If you want to write your first compiler, I'd even go so far as to suggest to use something with a Lisp syntax as your source language, explicitly so you can minimise the parsing aspect.

Parsing is a lot of fun by itself, but it doesn't actually have much to do with the core of what makes compilers interesting and challenging. It's almost an independent pursuit, and very useful outside of writing compilers, too.

> As far as I can tell, parser combinators are just one way that promises to let "write a compiler without understanding abstract languages" but all these methods actually wind-up being libraries that are far complicated than gp's "recursive descent + pratt parsing", which is easy once you understand the idea of an abstract language.

Where do you suspect the complexity here?

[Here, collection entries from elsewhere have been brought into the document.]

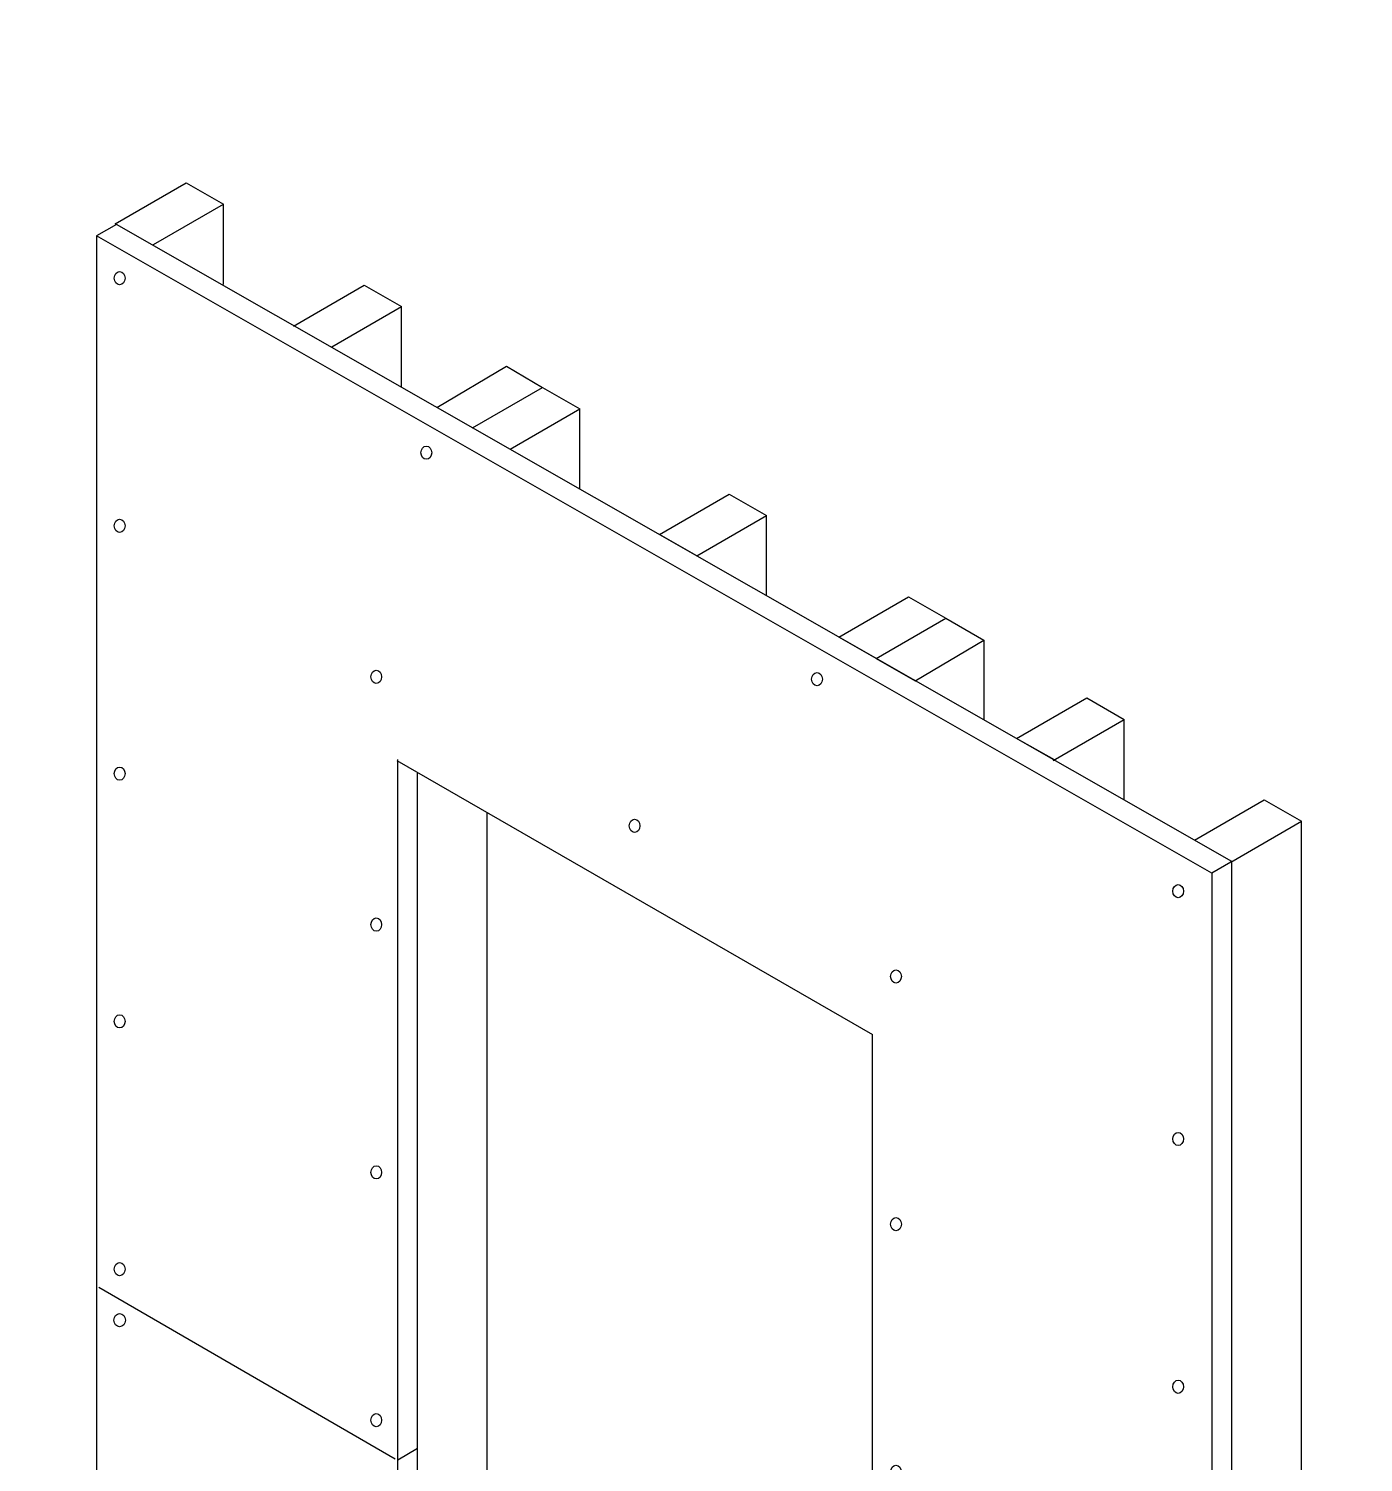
# Model space of a CAD drawing. Header units: inches. Extents: x -20.7 to 75.7, y -15.1 to 19.1.
# Drawn here: x -14.561 to -10.094, y -2.8 to 1.996 of the extents above; entities that cross this region are included whole.
import ezdxf

# ---------------------------------------------------------------- set-up
doc = ezdxf.new("R2010")
doc.units = ezdxf.units.IN
doc.header["$MEASUREMENT"] = 0
doc.layers.add('G-ANNO-TTLB', color=7, linetype='Continuous', lineweight=0)
doc.layers.add('TYVEK', color=7, linetype='Continuous', lineweight=0)

# ---------------------------------------------------------------- blocks, each defined once
blk = doc.blocks.new('Block_41')
at = {"layer": 'TYVEK', "color": 252, "lineweight": 25, "true_color": 0x838484}
for centre in [(-14.2567, 1.1612), (-14.2567, 0.3324), (-14.2567, -0.4964), (-14.2567, -1.3252), (-14.2567, -2.154)]:
    blk.add_ellipse(centre, major_axis=(0, 0.0221), ratio=0.812499, dxfattribs=at)
blk = doc.blocks.new('Block_42')
at = {"layer": 'TYVEK', "color": 252, "lineweight": 25, "true_color": 0x838484}
for centre in [(-14.2567, -2.3248), (-14.2567, -3.1571), (-14.2567, -3.9893), (-14.2567, -4.8216), (-14.2567, -5.6539)]:
    blk.add_ellipse(centre, major_axis=(0, 0.0221), ratio=0.86328, dxfattribs=at)
blk = doc.blocks.new('Block_43')
at = {"layer": 'TYVEK', "color": 252, "lineweight": 25, "true_color": 0x838484}
for centre in [(-13.3978, -0.1726), (-13.3978, -1.0014), (-13.3978, -1.8302), (-13.3978, -2.659)]:
    blk.add_ellipse(centre, major_axis=(0, 0.0221), ratio=0.812499, dxfattribs=at)
blk = doc.blocks.new('Block_45')
at = {"layer": 'TYVEK', "color": 252, "lineweight": 25, "true_color": 0x838484}
for centre in [(-11.6585, -1.1748), (-11.6585, -2.0036), (-11.6585, -2.8323), (-11.6585, -3.6611)]:
    blk.add_ellipse(centre, major_axis=(0, 0.0221), ratio=0.812499, dxfattribs=at)

msp = doc.modelspace()

# ---------------------------------------------------------------- hatches: boundary and pattern name
at = {"layer": 'G-ANNO-TTLB', "true_color": 0xb9529f, "transparency": 33554687}
h = msp.add_hatch(color=233, dxfattribs=at)
edge = h.paths.add_edge_path()
edge.add_spline(control_points=[(20.0342, -15.1346), (20.0342, -15.1346), (-20.6658, -15.1346), (-20.6658, -15.1346), (-20.6658, -15.1346), (-20.6658, 19.0008), (-20.6658, 19.0008), (-20.6658, 19.0008), (20.0342, 19.0008), (20.0342, 19.0008), (20.0342, 19.0008), (20.0342, -15.1346), (20.0342, -15.1346)], knot_values=[0, 0, 0, 0, 1, 1, 1, 2, 2, 2, 3, 3, 3, 4, 4, 4, 4], degree=3, periodic=0)
edge = h.paths.add_edge_path()
edge.add_spline(control_points=[(-20.5408, 18.8757), (-20.5408, 18.8757), (-20.5408, -15.0095), (-20.5408, -15.0095), (-20.5408, -15.0095), (19.9092, -15.0095), (19.9092, -15.0095), (19.9092, -15.0095), (19.9092, 18.8757), (19.9092, 18.8757), (19.9092, 18.8757), (-20.5408, 18.8757), (-20.5408, 18.8757)], knot_values=[0, 0, 0, 0, 1, 1, 1, 2, 2, 2, 3, 3, 3, 4, 4, 4, 4], degree=3, periodic=0)
edge.add_line((-20.5408, 18.8757), (-20.5408, 18.8757))

# ---------------------------------------------------------------- linework, layer by layer
at = {"layer": 'G-ANNO-TTLB'}
for points in [[(20.0342, -15.1346), (20.0342, -15.1346), (-20.6658, -15.1346), (-20.6658, -15.1346), (-20.6658, -15.1346), (-20.6658, 19.0008), (-20.6658, 19.0008), (-20.6658, 19.0008), (20.0342, 19.0008), (20.0342, 19.0008), (20.0342, 19.0008), (20.0342, -15.1346), (20.0342, -15.1346)], [(-20.5408, 18.8757), (-20.5408, 18.8757), (-20.5408, -15.0095), (-20.5408, -15.0095), (-20.5408, -15.0095), (19.9092, -15.0095), (19.9092, -15.0095), (19.9092, -15.0095), (19.9092, 18.8757), (19.9092, 18.8757), (19.9092, 18.8757), (-20.5408, 18.8757), (-20.5408, 18.8757)]]:
    msp.add_open_spline(points, degree=3, knots=[0, 0, 0, 0, 1, 1, 1, 2, 2, 2, 3, 3, 3, 4, 4, 4, 4], dxfattribs=at)
at = {"layer": 'TYVEK', "color": 33, "lineweight": 25, "true_color": 0xcb9865}
for p, q in [((-14.2714, 1.343), (-14.0345, 1.48)), ((-14.0346, 1.48), (-13.9096, 1.4084)), ((-14.1429, 1.2734), (-13.9096, 1.4084)), ((-13.9096, 1.1396), (-13.9096, 1.4084)), ((-14.2678, 1.341), (-14.2714, 1.343)), ((-13.6749, 1.0007), (-13.4381, 1.1378)), ((-13.4381, 1.1378), (-13.3131, 1.0661)), ((-13.5464, 0.9311), (-13.3131, 1.0661)), ((-13.3131, 0.7973), (-13.3131, 1.0661)), ((-13.1955, 0.7286), (-12.9618, 0.8668)), ((-12.9618, 0.8668), (-12.8416, 0.7956)), ((-13.0757, 0.6602), (-12.8416, 0.7956)), ((-12.8416, 0.7956), (-12.7166, 0.724)), ((-12.9499, 0.589), (-12.7166, 0.724)), ((-12.7166, 0.4552), (-12.7166, 0.724)), ((-12.3255, 0.2318), (-12.0922, 0.3668)), ((-12.0922, 0.0987), (-12.0922, 0.3668)), ((-11.7251, -0.111), (-11.492, 0.0238)), ((-11.492, 0.0238), (-11.3641, -0.0495)), ((-11.5939, -0.1859), (-11.3641, -0.0495)), ((-11.3641, -0.0495), (-11.3641, -0.3171)), ((-11.7253, -0.1112), (-11.5939, -0.1859)), ((-11.1321, -0.4521), (-10.8952, -0.3151)), ((-10.8952, -0.5849), (-10.8952, -0.3151)), ((-13.0262, -4.6742), (-13.0262, -0.6288)), ((-10.5382, -0.7928), (-10.3013, -0.6558)), ((-10.3013, -7.7116), (-10.3013, -0.6558))]:
    msp.add_line(p, q, dxfattribs=at)
at = {"layer": 'TYVEK', "color": 2, "lineweight": 25, "true_color": 0xf5eb12}
for p, q in [((-14.2678, 1.341), (-14.3346, 1.3023)), ((-14.3346, 1.3023), (-14.3346, -5.7182)), ((-10.6014, -0.8294), (-14.3346, 1.3023)), ((-10.5346, -0.7908), (-14.2678, 1.341)), ((-13.3293, -0.4528), (-11.737, -1.3691)), ((-13.3262, -4.8457), (-13.3262, -0.4497)), ((-13.2595, -4.8021), (-13.2595, -0.4949)), ((-10.5382, -0.7928), (-10.6014, -0.8294)), ((-10.5346, -7.837), (-10.5346, -0.7908)), ((-10.6014, -0.8294), (-10.6014, -7.8853)), ((-11.737, -6.0659), (-11.737, -1.3691)), ((-14.3265, -2.214), (-13.3343, -2.7884)), ((-13.2595, -2.7542), (-13.3262, -2.7928))]:
    msp.add_line(p, q, dxfattribs=at)
at = {"layer": 'TYVEK', "color": 33, "lineweight": 25, "true_color": 0xcb9865}
for points in [[(-12.3255, 0.2318), (-12.4505, 0.3035), (-12.2172, 0.4385), (-12.0922, 0.3668)], [(-11.7253, -0.1112), (-11.8503, -0.0395), (-11.617, 0.0955), (-11.492, 0.0238)], [(-11.1285, -0.4501), (-11.2551, -0.3794), (-11.0202, -0.2434), (-10.8952, -0.3151)], [(-10.5346, -0.7908), (-10.6596, -0.7191), (-10.4263, -0.5841), (-10.3013, -0.6558)]]:
    msp.add_lwpolyline(points, dxfattribs=at)
at = {"layer": 'TYVEK', "color": 2, "lineweight": 25, "true_color": 0xf5eb12}
msp.add_lwpolyline([(-14.3346, -2.1469)], dxfattribs=at)
at = {"layer": 'TYVEK', "color": 252, "lineweight": 25, "true_color": 0x838484}
for centre in [(-13.2304, 0.5772), (-11.9228, -0.1804), (-12.5332, -0.6711), (-10.7141, -0.8898), (-10.7141, -1.7186), (-10.7141, -2.5474)]:
    msp.add_ellipse(centre, major_axis=(0, 0.0221), ratio=0.812499, dxfattribs=at)

# ---------------------------------------------------------------- block references
at = {"layer": 'TYVEK'}
for name in ['Block_41', 'Block_43', 'Block_45', 'Block_42']:
    msp.add_blockref(name, (0, 0), dxfattribs=at)

doc.saveas('drawing.dxf')

You can write a toy library for parser combinators that's really simple, if your implementation language is at least as capable as Rust or even Python (with Haskell and OCaml being probably the easiest). If you are using an off-the-shelf industrial-stength, production-grade parser combinator library: of course, that's complicated under the hood. That's the price the authors wilingly pay for great error handling and performance etc.

For most people writing their first compilers, they would better off starting the project from when they already have some tree or DAG representation. Plenty of (more!) interesting challenges left. Going from stream of bits to the parsed syntax tree is something they can learn about later (or not at all), without missing much.